I don't know if you have a spring attached to the hook to the i beam, but try that, it cuts down on the wear and tear on the house. Not much into hanging bags anymore for some reason, but I prefer the 45 pound everlast if you are looking in that direction. Either that or a muay thai bag that is long, where the bottom can touch the ground. Or a bob.


----------



## SahBumNimRush (Mar 7, 2012)

I totally agree with Puunui with the spring for the hanging bag.  We have used bobs, and wavemasters (both produced by century), if you are working on "light" contact, standing bags work great.  However, if you are hitting it hard, the seems wear out fairly quickly on the stands, so I recommend filling the standing bags with sand rather than water, so you don't end up with a puddle around the bag.  I really like the Bobs, and many of the wavemasters are also adjustable in height, as Dirty Dog had mentioned about the Bobs.

I have debated on investing in one of the Wavemaster XXL's, but I haven't used one before.  I don't know if all standing bags have similar seem leakage problems, but it is one of the drawbacks of the standing bags IMO.


----------



## Flying Crane (Mar 7, 2012)

I don't like the free-standing bags at all.  They are just not the same as a hanging bag.  I actually feel like I get little or nothing from them.

Tell you wife to get over it.  -ducks for cover-


----------



## Jason Striker II (Mar 7, 2012)

puunui said:


> I don't know if you have a spring attached to the hook to the i beam, but try that, it cuts down on the wear and tear on the house.
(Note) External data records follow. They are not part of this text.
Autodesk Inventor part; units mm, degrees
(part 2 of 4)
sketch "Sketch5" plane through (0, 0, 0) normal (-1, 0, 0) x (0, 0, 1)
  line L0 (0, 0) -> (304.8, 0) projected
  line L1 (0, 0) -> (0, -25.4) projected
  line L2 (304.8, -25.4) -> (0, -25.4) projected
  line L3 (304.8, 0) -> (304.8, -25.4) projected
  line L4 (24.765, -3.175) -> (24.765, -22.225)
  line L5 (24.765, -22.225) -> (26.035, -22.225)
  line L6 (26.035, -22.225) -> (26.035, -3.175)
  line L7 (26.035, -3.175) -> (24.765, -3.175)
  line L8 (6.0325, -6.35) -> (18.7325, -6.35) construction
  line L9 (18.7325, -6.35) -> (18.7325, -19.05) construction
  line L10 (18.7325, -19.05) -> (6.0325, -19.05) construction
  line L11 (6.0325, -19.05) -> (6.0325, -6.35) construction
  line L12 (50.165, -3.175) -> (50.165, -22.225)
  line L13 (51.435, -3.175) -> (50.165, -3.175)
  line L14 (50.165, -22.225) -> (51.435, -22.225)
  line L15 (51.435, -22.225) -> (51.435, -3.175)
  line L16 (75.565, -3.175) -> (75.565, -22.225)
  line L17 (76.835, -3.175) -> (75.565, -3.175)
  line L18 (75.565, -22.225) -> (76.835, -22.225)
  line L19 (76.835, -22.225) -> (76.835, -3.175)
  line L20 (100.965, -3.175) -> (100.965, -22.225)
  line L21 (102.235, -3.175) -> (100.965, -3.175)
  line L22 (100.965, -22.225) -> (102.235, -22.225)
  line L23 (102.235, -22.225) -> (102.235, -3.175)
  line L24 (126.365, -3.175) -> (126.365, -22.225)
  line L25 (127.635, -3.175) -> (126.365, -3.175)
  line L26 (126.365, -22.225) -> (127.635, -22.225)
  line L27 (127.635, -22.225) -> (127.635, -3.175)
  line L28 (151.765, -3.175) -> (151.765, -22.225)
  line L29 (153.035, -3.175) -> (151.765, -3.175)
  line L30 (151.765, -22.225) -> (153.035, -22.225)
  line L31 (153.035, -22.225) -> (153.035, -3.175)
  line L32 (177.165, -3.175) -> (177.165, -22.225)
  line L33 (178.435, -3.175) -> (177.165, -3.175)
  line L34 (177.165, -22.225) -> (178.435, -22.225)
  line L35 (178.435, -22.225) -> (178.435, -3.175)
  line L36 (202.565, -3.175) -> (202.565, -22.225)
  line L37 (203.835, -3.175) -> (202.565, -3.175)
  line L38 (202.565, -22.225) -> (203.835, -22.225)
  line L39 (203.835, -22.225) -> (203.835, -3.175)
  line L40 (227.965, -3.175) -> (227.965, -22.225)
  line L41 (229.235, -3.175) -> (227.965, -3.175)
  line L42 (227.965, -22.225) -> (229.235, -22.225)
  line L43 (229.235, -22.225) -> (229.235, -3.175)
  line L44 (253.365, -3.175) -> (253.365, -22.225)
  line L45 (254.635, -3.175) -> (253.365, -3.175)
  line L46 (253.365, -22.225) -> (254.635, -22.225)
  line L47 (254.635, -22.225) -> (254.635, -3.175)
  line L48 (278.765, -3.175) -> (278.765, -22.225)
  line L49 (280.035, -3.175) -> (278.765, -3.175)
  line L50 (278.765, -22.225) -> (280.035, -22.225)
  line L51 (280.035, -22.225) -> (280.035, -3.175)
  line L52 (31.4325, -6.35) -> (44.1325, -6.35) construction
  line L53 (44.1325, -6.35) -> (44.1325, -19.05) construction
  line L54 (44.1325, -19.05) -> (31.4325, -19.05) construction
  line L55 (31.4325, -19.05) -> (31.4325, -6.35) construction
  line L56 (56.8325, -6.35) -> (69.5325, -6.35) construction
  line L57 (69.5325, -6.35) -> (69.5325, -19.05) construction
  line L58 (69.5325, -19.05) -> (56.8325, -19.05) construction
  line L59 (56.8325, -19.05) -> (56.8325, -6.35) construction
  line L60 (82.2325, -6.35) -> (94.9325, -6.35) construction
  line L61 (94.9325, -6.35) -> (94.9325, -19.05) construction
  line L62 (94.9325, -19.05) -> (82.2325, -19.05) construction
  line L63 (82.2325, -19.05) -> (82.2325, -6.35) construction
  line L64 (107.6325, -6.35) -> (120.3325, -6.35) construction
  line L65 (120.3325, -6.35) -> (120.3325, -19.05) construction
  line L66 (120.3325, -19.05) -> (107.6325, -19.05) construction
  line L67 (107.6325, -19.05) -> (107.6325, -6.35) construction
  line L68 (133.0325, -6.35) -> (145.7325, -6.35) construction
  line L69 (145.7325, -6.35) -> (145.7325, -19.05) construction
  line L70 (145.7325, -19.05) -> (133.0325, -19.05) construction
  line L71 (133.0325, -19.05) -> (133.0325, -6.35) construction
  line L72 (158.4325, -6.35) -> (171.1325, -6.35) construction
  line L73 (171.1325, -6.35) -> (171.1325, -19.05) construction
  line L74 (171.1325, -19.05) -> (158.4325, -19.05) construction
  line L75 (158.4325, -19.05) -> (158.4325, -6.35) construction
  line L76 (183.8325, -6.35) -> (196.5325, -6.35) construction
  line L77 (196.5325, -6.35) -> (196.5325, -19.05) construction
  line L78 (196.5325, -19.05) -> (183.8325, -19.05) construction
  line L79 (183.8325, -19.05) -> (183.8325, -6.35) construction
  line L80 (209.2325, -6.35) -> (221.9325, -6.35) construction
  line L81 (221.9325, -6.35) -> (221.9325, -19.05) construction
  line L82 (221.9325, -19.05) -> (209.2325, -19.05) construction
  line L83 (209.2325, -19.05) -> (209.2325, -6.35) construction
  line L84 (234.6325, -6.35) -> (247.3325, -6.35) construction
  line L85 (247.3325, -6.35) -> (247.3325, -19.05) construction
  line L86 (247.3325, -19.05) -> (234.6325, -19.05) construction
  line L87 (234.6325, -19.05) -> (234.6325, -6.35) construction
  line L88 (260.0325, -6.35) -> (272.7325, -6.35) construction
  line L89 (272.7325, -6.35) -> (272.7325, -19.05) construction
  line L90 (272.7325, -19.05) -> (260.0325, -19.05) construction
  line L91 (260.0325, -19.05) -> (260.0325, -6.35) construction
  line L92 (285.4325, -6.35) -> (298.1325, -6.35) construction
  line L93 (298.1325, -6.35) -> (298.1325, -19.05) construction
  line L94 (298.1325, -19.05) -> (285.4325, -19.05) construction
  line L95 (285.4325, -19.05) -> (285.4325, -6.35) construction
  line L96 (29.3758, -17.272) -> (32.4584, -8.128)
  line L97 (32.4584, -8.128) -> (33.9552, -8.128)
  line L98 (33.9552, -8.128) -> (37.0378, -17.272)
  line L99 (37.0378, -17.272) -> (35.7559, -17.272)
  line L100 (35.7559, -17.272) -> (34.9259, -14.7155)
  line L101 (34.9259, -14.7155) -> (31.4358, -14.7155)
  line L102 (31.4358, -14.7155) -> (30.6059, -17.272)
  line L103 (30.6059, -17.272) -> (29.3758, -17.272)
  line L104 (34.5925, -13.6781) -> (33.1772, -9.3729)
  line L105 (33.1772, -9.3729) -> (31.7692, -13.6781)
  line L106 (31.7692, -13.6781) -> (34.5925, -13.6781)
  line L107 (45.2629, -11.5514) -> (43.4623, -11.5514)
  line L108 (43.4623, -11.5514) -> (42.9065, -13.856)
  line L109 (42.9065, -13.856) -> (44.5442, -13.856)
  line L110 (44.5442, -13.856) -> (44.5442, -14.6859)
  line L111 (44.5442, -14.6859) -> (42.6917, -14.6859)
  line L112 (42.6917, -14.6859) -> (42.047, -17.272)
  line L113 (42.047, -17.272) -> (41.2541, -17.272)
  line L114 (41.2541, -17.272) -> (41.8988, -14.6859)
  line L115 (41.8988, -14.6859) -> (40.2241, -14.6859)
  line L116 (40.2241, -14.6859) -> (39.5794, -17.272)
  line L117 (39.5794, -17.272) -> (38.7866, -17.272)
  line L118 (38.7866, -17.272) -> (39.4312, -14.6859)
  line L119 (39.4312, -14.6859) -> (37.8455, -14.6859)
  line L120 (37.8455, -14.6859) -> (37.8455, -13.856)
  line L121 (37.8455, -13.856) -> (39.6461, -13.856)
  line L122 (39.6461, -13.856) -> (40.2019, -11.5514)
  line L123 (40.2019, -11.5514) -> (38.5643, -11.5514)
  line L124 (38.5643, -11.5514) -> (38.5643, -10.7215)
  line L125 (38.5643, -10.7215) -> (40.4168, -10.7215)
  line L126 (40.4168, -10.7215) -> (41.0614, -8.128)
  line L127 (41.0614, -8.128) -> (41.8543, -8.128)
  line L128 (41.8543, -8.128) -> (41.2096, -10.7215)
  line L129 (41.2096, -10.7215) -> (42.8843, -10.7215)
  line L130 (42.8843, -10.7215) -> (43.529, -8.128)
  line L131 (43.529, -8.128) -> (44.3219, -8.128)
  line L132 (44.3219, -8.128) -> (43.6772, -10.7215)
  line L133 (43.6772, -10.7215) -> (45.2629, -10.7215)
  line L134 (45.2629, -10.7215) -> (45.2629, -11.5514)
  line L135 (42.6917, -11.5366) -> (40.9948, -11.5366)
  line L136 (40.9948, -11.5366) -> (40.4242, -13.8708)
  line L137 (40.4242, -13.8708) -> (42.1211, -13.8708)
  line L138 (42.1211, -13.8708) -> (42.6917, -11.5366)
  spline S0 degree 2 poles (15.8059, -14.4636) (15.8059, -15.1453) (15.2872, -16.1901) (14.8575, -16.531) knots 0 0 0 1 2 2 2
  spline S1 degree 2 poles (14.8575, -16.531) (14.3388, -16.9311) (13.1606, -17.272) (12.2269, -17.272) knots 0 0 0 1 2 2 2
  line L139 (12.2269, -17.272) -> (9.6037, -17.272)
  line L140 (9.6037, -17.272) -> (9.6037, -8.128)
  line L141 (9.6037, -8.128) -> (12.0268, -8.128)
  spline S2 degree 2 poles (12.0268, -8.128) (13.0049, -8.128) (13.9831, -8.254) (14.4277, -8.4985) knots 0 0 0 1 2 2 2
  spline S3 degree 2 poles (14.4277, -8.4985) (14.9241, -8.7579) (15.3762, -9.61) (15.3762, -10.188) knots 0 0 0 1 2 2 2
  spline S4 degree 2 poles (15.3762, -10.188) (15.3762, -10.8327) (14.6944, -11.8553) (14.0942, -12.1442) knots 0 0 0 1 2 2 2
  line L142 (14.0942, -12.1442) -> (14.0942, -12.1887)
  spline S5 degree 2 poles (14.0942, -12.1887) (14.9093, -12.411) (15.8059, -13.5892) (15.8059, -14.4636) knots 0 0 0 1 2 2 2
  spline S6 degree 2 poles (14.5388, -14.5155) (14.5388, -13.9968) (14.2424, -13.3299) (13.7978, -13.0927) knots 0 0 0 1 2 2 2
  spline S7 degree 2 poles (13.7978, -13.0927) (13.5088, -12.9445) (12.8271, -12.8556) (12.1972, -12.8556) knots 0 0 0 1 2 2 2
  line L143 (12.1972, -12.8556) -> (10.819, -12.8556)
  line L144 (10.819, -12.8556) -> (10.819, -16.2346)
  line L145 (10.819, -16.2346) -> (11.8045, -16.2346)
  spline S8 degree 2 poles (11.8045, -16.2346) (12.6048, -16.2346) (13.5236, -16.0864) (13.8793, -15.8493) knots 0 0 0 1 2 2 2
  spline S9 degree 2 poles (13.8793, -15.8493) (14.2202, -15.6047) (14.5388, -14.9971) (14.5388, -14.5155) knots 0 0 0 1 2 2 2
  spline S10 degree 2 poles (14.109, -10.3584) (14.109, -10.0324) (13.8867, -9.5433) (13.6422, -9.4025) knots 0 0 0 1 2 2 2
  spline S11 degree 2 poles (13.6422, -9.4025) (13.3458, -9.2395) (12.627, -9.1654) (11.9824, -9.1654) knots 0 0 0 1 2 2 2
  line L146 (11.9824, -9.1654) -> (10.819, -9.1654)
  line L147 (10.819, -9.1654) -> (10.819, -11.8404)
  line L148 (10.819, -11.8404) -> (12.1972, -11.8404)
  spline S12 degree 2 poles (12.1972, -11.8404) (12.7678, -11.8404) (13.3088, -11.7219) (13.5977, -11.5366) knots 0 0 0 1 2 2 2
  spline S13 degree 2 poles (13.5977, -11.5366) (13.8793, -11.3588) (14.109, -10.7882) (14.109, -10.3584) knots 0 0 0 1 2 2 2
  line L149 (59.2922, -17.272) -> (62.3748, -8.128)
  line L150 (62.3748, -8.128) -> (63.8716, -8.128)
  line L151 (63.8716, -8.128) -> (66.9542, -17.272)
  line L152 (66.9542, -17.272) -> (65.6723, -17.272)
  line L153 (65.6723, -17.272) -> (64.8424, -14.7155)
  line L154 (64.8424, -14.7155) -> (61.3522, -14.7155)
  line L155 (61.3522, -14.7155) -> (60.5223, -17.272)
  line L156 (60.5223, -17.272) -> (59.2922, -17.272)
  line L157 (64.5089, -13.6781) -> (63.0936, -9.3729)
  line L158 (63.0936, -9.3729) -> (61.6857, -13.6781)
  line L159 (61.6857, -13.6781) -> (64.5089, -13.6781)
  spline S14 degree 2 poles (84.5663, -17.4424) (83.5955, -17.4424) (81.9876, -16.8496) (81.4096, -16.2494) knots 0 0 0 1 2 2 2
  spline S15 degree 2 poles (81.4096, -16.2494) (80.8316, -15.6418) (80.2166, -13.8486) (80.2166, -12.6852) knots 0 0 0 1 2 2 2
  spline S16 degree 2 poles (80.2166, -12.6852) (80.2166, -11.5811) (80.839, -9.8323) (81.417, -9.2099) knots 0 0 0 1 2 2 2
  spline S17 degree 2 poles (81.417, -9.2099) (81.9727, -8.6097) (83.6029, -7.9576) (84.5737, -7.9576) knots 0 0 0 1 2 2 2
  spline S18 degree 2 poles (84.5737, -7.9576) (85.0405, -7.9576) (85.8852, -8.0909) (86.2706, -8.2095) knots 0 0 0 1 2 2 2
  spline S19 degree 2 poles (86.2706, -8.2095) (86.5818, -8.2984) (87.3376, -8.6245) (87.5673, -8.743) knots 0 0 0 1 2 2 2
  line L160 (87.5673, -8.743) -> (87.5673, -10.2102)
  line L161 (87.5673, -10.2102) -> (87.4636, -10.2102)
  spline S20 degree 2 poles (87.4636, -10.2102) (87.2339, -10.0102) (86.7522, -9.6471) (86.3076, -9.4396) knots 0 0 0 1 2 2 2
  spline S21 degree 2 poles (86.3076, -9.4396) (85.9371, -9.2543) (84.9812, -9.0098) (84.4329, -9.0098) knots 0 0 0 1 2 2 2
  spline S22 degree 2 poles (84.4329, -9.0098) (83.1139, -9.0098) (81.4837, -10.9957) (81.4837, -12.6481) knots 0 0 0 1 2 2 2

Not much into hanging bags anymore for some reason, but I prefer the 45 pound everlast if you are looking in that direction. Either that or a muay thai bag that is long, where the bottom can touch the ground. Or a bob.



You should be warned about the chain-wear on the beam: in one to two months the chain really begins to eat into the wood. You need to wrap a thick towel around the bean and secure it with duc tape. Also, if the beam is meatal this will reduce the terrible grating ZZZZZZZZZZZZZ noise that the chain makes.

To tell you the truth, BOB might be better.


----------



## Xue Sheng (Mar 7, 2012)

Jason Striker II said:


> You should be warned about the chain-wear on the beam: in one to two months the chain really begins to eat into the wood. You need to wrap a thick towel around the bean and secure it with duc tape. Also, if the beam is meatal this will reduce the terrible grating ZZZZZZZZZZZZZ noise that the chain makes.
> .



I do not think it will eat into the beam. It is a steel I beam and the chain for the bag is connected to that beam with a steel I-beam bracket hanger from everlast.


----------



## Dirty Dog (Mar 7, 2012)

SahBumNimRush said:


> I totally agree with Puunui with the spring for the hanging bag.  We have used bobs, and wavemasters (both produced by century), if you are working on "light" contact, standing bags work great.  However, if you are hitting it hard, the seems wear out fairly quickly on the stands, so I recommend filling the standing bags with sand rather than water, so you don't end up with a puddle around the bag.  I really like the Bobs, and many of the wavemasters are also adjustable in height, as Dirty Dog had mentioned about the Bobs.
> 
> I have debated on investing in one of the Wavemaster XXL's, but I haven't used one before.  I don't know if all standing bags have similar seem leakage problems, but it is one of the drawbacks of the standing bags IMO.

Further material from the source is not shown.